4) Failed emissions tests
If you have to do an OBD emissions test, you will fail automatically if you have a fault code that indicates a bad O2 sensor. Even if it’s just a bad sensor you will still fail since the emissions test isn’t able to tell whether the issue is with the sensor or with the catalytic converter itself.
The primary goal of the O2 sensors is to measure emissions and make sure the cars emissions equipment are functioning properly. Therefore, if the O2 sensor is bad it is an automatic fail. However, this will only be noticeable if your emissions test includes an OBD hookup.
5) Bad catalytic converter
This is less of a symptom and more of a cause of bad O2 sensors. The challenge is that it can be difficult to diagnose whether the cat itself is bad or if the sensor is bad. A bad catalytic converter would throw off the readings from the downstream O2 sensor. This happens because the failed cat won’t reduce any of the emissions in the exhaust gas, which then triggers a bad reading from the downstream sensor, throwing a CEL.
Bad O2 Sensors Summary
O2 sensors are critical emissions and fuel related sensors. A bad O2 sensor can cause you to fail an emissions test in addition to cause MPG decreases, poor idling, and decreased performance. Most new vehicles have at least 4 oxygen sensors which can make it difficult to distinguish a bad sensor from a failed catalytic converter, or other issue.

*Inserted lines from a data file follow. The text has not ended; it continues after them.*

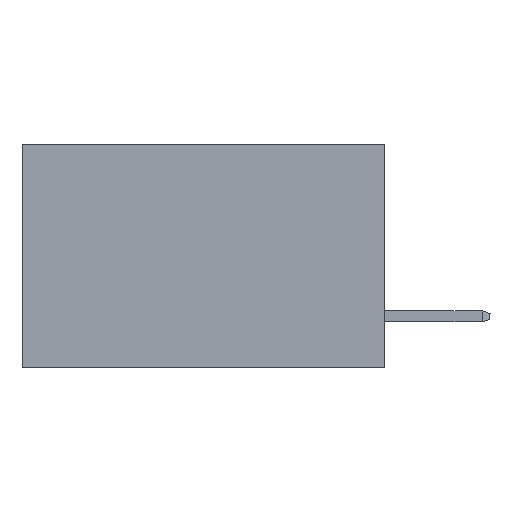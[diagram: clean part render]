
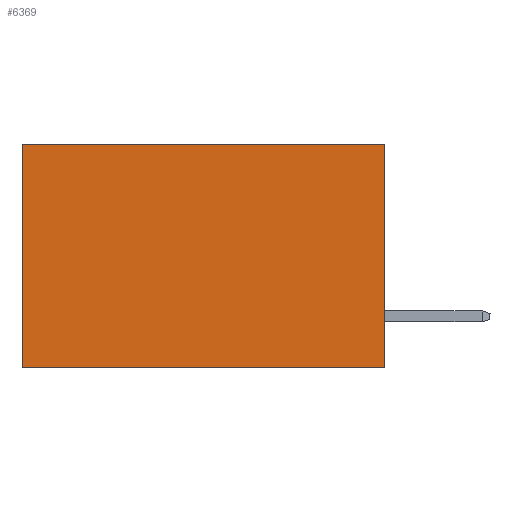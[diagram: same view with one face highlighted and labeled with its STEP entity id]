
A CAD part, left-side view. The second image highlights one B-rep face of the part: STEP entity #6369.
In plain terms, the highlighted planar face has unit normal (-1, 0, 0).
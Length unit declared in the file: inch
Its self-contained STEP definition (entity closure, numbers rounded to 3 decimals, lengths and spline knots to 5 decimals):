
#472 = CARTESIAN_POINT ( 'NONE',  ( 0.2615, 0., -0.37 ) ) ;
#1114 = EDGE_CURVE ( 'NONE', #18920, #6814, #14786, .T. ) ;
#1719 = CARTESIAN_POINT ( 'NONE',  ( 0.2615, 0.6, 0. ) ) ;
#2734 = ORIENTED_EDGE ( 'NONE', *, *, #11185, .T. ) ;
#3107 = CARTESIAN_POINT ( 'NONE',  ( 0.2615, 0.6, -0.37 ) ) ;
#3194 = CARTESIAN_POINT ( 'NONE',  ( 0.2615, 0., 0. ) ) ;
#3638 = CARTESIAN_POINT ( 'NONE',  ( 0.2615, 0.6, -0.37 ) ) ;
#4367 = VECTOR ( 'NONE', #19831, 39.37008 ) ;
#5310 = DIRECTION ( 'NONE',  ( 0., 1., 0. ) ) ;
#5547 = DIRECTION ( 'NONE',  ( 1., 0., 0. ) ) ;
#6369 = ADVANCED_FACE ( 'NONE', ( #12228 ), #16713, .F. ) ;
#6659 = LINE ( 'NONE', #3194, #17556 ) ;
#6814 = VERTEX_POINT ( 'NONE', #12309 ) ;
#6982 = EDGE_CURVE ( 'NONE', #18920, #14090, #6659, .T. ) ;
#7523 = ORIENTED_EDGE ( 'NONE', *, *, #12414, .F. ) ;
#8112 = VERTEX_POINT ( 'NONE', #3107 ) ;
#8233 = CARTESIAN_POINT ( 'NONE',  ( 0.2615, 0., -0.37 ) ) ;
#8896 = CARTESIAN_POINT ( 'NONE',  ( 0.2615, 0., -0.37 ) ) ;
#11185 = EDGE_CURVE ( 'NONE', #14090, #8112, #19616, .T. ) ;
#12224 = VECTOR ( 'NONE', #5310, 39.37008 ) ;
#12228 = FACE_OUTER_BOUND ( 'NONE', #17308, .T. ) ;
#12309 = CARTESIAN_POINT ( 'NONE',  ( 0.2615, 0., -0.37 ) ) ;
#12414 = EDGE_CURVE ( 'NONE', #6814, #8112, #14791, .T. ) ;
#12884 = CARTESIAN_POINT ( 'NONE',  ( 0.2615, 0., 0. ) ) ;
#13014 = DIRECTION ( 'NONE',  ( 0., 1., 0. ) ) ;
#13266 = AXIS2_PLACEMENT_3D ( 'NONE', #8896, #5547, #15234 ) ;
#14090 = VERTEX_POINT ( 'NONE', #1719 ) ;
#14690 = DIRECTION ( 'NONE',  ( 0., 0., -1. ) ) ;
#14786 = LINE ( 'NONE', #8233, #4367 ) ;
#14791 = LINE ( 'NONE', #472, #12224 ) ;
#14826 = ORIENTED_EDGE ( 'NONE', *, *, #6982, .T. ) ;
#15221 = ORIENTED_EDGE ( 'NONE', *, *, #1114, .F. ) ;
#15234 = DIRECTION ( 'NONE',  ( 0., 0., -1. ) ) ;
#15674 = VECTOR ( 'NONE', #14690, 39.37008 ) ;
#16713 = PLANE ( 'NONE',  #13266 ) ;
#17308 = EDGE_LOOP ( 'NONE', ( #2734, #7523, #15221, #14826 ) ) ;
#17556 = VECTOR ( 'NONE', #13014, 39.37008 ) ;
#18920 = VERTEX_POINT ( 'NONE', #12884 ) ;
#19616 = LINE ( 'NONE', #3638, #15674 ) ;
#19831 = DIRECTION ( 'NONE',  ( 0., 0., -1. ) ) ;

A bad oxygen sensor on old cars likely won’t result in much other than a check engine light and some fault codes. On newer cars you can expect bad gas mileage, poor idling, and failed emissions tests. Common fault codes for downstream O2 sensors a P0141, but range from P014x to P015x codes depending on your vehicle.
One of these engine codes can also mean a bad catalytic converter, but O2 sensor failure is a lot more prevalent than catalytic converter failure.